Task
A word-for-word repeat of all the data is the goal.

Stored dataset items
[Start of Attachment]

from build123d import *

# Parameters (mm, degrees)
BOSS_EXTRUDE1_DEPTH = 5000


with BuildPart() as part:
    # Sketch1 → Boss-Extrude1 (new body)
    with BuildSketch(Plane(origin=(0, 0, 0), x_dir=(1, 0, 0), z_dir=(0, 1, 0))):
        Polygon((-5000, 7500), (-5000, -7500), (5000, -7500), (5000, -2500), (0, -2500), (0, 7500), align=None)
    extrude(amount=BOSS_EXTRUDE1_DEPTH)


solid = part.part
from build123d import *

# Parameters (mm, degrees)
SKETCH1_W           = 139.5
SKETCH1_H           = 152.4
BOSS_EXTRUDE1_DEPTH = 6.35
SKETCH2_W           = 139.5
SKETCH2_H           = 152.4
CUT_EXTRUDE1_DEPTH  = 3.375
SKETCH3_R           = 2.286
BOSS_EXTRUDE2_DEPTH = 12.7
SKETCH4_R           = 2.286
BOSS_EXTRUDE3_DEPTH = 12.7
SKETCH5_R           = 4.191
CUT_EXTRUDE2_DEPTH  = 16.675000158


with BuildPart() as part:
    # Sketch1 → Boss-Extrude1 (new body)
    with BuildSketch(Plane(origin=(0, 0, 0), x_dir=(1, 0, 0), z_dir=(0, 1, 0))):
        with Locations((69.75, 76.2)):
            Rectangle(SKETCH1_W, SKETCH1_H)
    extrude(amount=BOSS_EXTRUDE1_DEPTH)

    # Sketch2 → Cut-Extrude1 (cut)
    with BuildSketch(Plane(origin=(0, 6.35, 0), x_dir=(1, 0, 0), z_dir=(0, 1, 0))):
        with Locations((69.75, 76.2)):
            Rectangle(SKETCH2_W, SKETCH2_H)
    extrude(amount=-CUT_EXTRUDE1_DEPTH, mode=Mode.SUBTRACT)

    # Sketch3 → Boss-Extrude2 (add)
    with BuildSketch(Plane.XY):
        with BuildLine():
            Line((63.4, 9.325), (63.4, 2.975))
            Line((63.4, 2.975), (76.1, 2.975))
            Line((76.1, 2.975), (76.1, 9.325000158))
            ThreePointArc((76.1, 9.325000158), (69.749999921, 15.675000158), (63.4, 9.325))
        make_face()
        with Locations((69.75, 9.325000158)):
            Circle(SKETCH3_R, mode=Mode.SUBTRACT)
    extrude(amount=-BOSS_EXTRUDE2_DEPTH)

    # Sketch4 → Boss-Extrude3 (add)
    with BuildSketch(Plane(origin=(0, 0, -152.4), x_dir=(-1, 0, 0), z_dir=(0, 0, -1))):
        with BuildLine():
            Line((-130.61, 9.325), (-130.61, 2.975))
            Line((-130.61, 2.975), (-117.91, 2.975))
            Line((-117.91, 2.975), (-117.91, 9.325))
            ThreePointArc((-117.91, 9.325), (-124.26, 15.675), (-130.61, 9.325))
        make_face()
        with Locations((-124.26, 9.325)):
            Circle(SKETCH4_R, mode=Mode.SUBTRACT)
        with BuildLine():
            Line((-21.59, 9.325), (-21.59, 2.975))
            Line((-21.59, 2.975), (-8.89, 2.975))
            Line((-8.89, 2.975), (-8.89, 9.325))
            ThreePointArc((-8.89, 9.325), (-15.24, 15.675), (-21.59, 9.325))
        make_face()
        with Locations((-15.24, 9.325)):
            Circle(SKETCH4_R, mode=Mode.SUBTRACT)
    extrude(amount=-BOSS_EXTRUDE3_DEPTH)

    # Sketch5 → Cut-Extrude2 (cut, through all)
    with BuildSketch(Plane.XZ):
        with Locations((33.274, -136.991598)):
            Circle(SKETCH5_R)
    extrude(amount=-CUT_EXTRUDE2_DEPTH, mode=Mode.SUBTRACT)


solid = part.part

[End of Attachment]

Solution to this task
from build123d import *

# Parameters (mm, degrees)
BOSS_EXTRUDE1_DEPTH = 5000


with BuildPart() as part:
    # Sketch1 → Boss-Extrude1 (new body)
    with BuildSketch(Plane(origin=(0, 0, 0), x_dir=(1, 0, 0), z_dir=(0, 1, 0))):
        Polygon((-5000, 7500), (-5000, -7500), (5000, -7500), (5000, -2500), (0, -2500), (0, 7500), align=None)
    extrude(amount=BOSS_EXTRUDE1_DEPTH)


solid = part.part
from build123d import *

# Parameters (mm, degrees)
SKETCH1_W           = 139.5
SKETCH1_H           = 152.4
BOSS_EXTRUDE1_DEPTH = 6.35
SKETCH2_W           = 139.5
SKETCH2_H           = 152.4
CUT_EXTRUDE1_DEPTH  = 3.375
SKETCH3_R           = 2.286
BOSS_EXTRUDE2_DEPTH = 12.7
SKETCH4_R           = 2.286
BOSS_EXTRUDE3_DEPTH = 12.7
SKETCH5_R           = 4.191
CUT_EXTRUDE2_DEPTH  = 16.675000158


with BuildPart() as part:
    # Sketch1 → Boss-Extrude1 (new body)
    with BuildSketch(Plane(origin=(0, 0, 0), x_dir=(1, 0, 0), z_dir=(0, 1, 0))):
        with Locations((69.75, 76.2)):
            Rectangle(SKETCH1_W, SKETCH1_H)
    extrude(amount=BOSS_EXTRUDE1_DEPTH)

    # Sketch2 → Cut-Extrude1 (cut)
    with BuildSketch(Plane(origin=(0, 6.35, 0), x_dir=(1, 0, 0), z_dir=(0, 1, 0))):
        with Locations((69.75, 76.2)):
            Rectangle(SKETCH2_W, SKETCH2_H)
    extrude(amount=-CUT_EXTRUDE1_DEPTH, mode=Mode.SUBTRACT)

    # Sketch3 → Boss-Extrude2 (add)
    with BuildSketch(Plane.XY):
        with BuildLine():
            Line((63.4, 9.325), (63.4, 2.975))
            Line((63.4, 2.975), (76.1, 2.975))
            Line((76.1, 2.975), (76.1, 9.325000158))
            ThreePointArc((76.1, 9.325000158), (69.749999921, 15.675000158), (63.4, 9.325))
        make_face()
        with Locations((69.75, 9.325000158)):
            Circle(SKETCH3_R, mode=Mode.SUBTRACT)
    extrude(amount=-BOSS_EXTRUDE2_DEPTH)

    # Sketch4 → Boss-Extrude3 (add)
    with BuildSketch(Plane(origin=(0, 0, -152.4), x_dir=(-1, 0, 0), z_dir=(0, 0, -1))):
        with BuildLine():
            Line((-130.61, 9.325), (-130.61, 2.975))
            Line((-130.61, 2.975), (-117.91, 2.975))
            Line((-117.91, 2.975), (-117.91, 9.325))
            ThreePointArc((-117.91, 9.325), (-124.26, 15.675), (-130.61, 9.325))
        make_face()
        with Locations((-124.26, 9.325)):
            Circle(SKETCH4_R, mode=Mode.SUBTRACT)
        with BuildLine():
            Line((-21.59, 9.325), (-21.59, 2.975))
            Line((-21.59, 2.975), (-8.89, 2.975))
            Line((-8.89, 2.975), (-8.89, 9.325))
            ThreePointArc((-8.89, 9.325), (-15.24, 15.675), (-21.59, 9.325))
        make_face()
        with Locations((-15.24, 9.325)):
            Circle(SKETCH4_R, mode=Mode.SUBTRACT)
    extrude(amount=-BOSS_EXTRUDE3_DEPTH)

    # Sketch5 → Cut-Extrude2 (cut, through all)
    with BuildSketch(Plane.XZ):
        with Locations((33.274, -136.991598)):
            Circle(SKETCH5_R)
    extrude(amount=-CUT_EXTRUDE2_DEPTH, mode=Mode.SUBTRACT)


solid = part.part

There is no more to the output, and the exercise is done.